The UK stock market continues to recover from the sell-off at the start of the month, although the pound is down after weak retail sales figures.
The FTSE 100 extended yesterday’s gains, adding 47 points or 0.7% to 7,282. At this level it will record its first positive week in a month with an advance of 190 points or 2.7%.
However, the pound fell 0.2% to $1.4064 against the dollar and edged lower against the euro after Britons curbed spending after the Christmas splurge with retail sales up just 0.1% in January, below forecasts of a monthly rise of 0.5%.
Our exclusive Accumulator data table shows the UK’s blue-chip index regained 1.2% in the week to yesterday’s close but remained 5.5% down this year.
Global markets mounted a stronger rally, with the FTSE World up up 3.7% in sterling terms in the week to Thursday, reducing the index’s year-to-date fall to 2.2%.
‘We believe it is too early to call the end of the bull market,’ said Larry Hatheway, group chief economist at fund manager GAM.
‘We are still in an environment of strong global growth and rising earnings, particularly in Europe, the emerging economies and in Japan, which should support further equity gains.
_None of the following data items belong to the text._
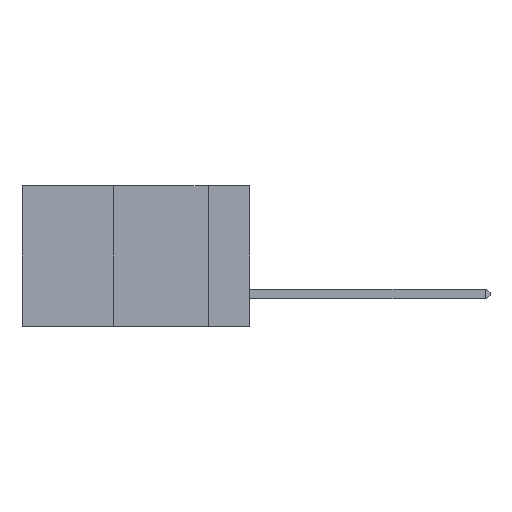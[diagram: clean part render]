
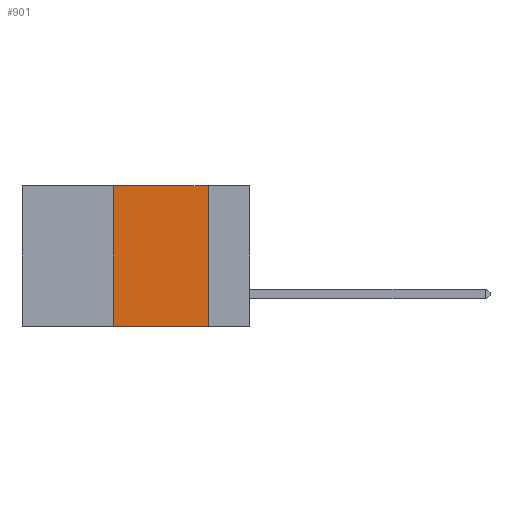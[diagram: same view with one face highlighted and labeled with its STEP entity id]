
A CAD part, left-side view. The second image highlights one B-rep face of the part: STEP entity #901.
In plain terms, the highlighted planar face has unit normal (-1, 0, 0).
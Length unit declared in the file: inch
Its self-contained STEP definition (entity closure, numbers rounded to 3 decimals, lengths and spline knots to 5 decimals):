
#17 = VERTEX_POINT ( 'NONE', #4815 ) ;
#137 = EDGE_CURVE ( 'NONE', #17, #9695, #8991, .T. ) ;
#273 = VECTOR ( 'NONE', #10229, 39.37008 ) ;
#568 = LINE ( 'NONE', #9502, #273 ) ;
#691 = PLANE ( 'NONE',  #2374 ) ;
#901 = ADVANCED_FACE ( 'NONE', ( #1599 ), #691, .F. ) ;
#1489 = EDGE_LOOP ( 'NONE', ( #2729, #3392, #4113, #1881 ) ) ;
#1599 = FACE_OUTER_BOUND ( 'NONE', #1489, .T. ) ;
#1881 = ORIENTED_EDGE ( 'NONE', *, *, #7270, .T. ) ;
#1923 = CARTESIAN_POINT ( 'NONE',  ( 0., 0.6, 0. ) ) ;
#2373 = DIRECTION ( 'NONE',  ( 1., 0., 0. ) ) ;
#2374 = AXIS2_PLACEMENT_3D ( 'NONE', #1923, #2373, #3111 ) ;
#2729 = ORIENTED_EDGE ( 'NONE', *, *, #137, .F. ) ;
#3009 = VERTEX_POINT ( 'NONE', #8246 ) ;
#3111 = DIRECTION ( 'NONE',  ( 0., 0., -1. ) ) ;
#3392 = ORIENTED_EDGE ( 'NONE', *, *, #10012, .F. ) ;
#4113 = ORIENTED_EDGE ( 'NONE', *, *, #10643, .F. ) ;
#4163 = DIRECTION ( 'NONE',  ( 0., 0., -1. ) ) ;
#4815 = CARTESIAN_POINT ( 'NONE',  ( 0., 0.11, 0. ) ) ;
#5206 = LINE ( 'NONE', #9582, #9463 ) ;
#5397 = LINE ( 'NONE', #7571, #7067 ) ;
#5616 = DIRECTION ( 'NONE',  ( 0., -1., 0. ) ) ;
#6536 = DIRECTION ( 'NONE',  ( 0., -1., 0. ) ) ;
#6854 = VECTOR ( 'NONE', #4163, 39.37008 ) ;
#7067 = VECTOR ( 'NONE', #6536, 39.37008 ) ;
#7270 = EDGE_CURVE ( 'NONE', #3009, #9695, #5397, .T. ) ;
#7571 = CARTESIAN_POINT ( 'NONE',  ( 0., 0.6, -0.37 ) ) ;
#7646 = CARTESIAN_POINT ( 'NONE',  ( 0., 0.11, -0.37 ) ) ;
#8246 = CARTESIAN_POINT ( 'NONE',  ( 0., 0.36, -0.37 ) ) ;
#8269 = CARTESIAN_POINT ( 'NONE',  ( 0., 0.11, 0. ) ) ;
#8550 = VERTEX_POINT ( 'NONE', #10018 ) ;
#8991 = LINE ( 'NONE', #8269, #6854 ) ;
#9463 = VECTOR ( 'NONE', #5616, 39.37008 ) ;
#9502 = CARTESIAN_POINT ( 'NONE',  ( 0., 0.36, 0. ) ) ;
#9582 = CARTESIAN_POINT ( 'NONE',  ( 0., 0.6, 0. ) ) ;
#9695 = VERTEX_POINT ( 'NONE', #7646 ) ;
#10012 = EDGE_CURVE ( 'NONE', #8550, #17, #5206, .T. ) ;
#10018 = CARTESIAN_POINT ( 'NONE',  ( 0., 0.36, 0. ) ) ;
#10229 = DIRECTION ( 'NONE',  ( 0., 0., 1. ) ) ;
#10643 = EDGE_CURVE ( 'NONE', #3009, #8550, #568, .T. ) ;

However, we are entering a new phase that will be characterised by more volatility and further corrections,’ he commented, driven, he said, by growing uncertainty in the macro economy and monetary policy caused by accelerating inflation.
Segro (SGRO), the industrial and warehouse property developer, shot to the top of the FTSE 100 with a 6.5% gain to 591p after its full-year results beat expectations and the company forecast further growth from the boom in e-commerce.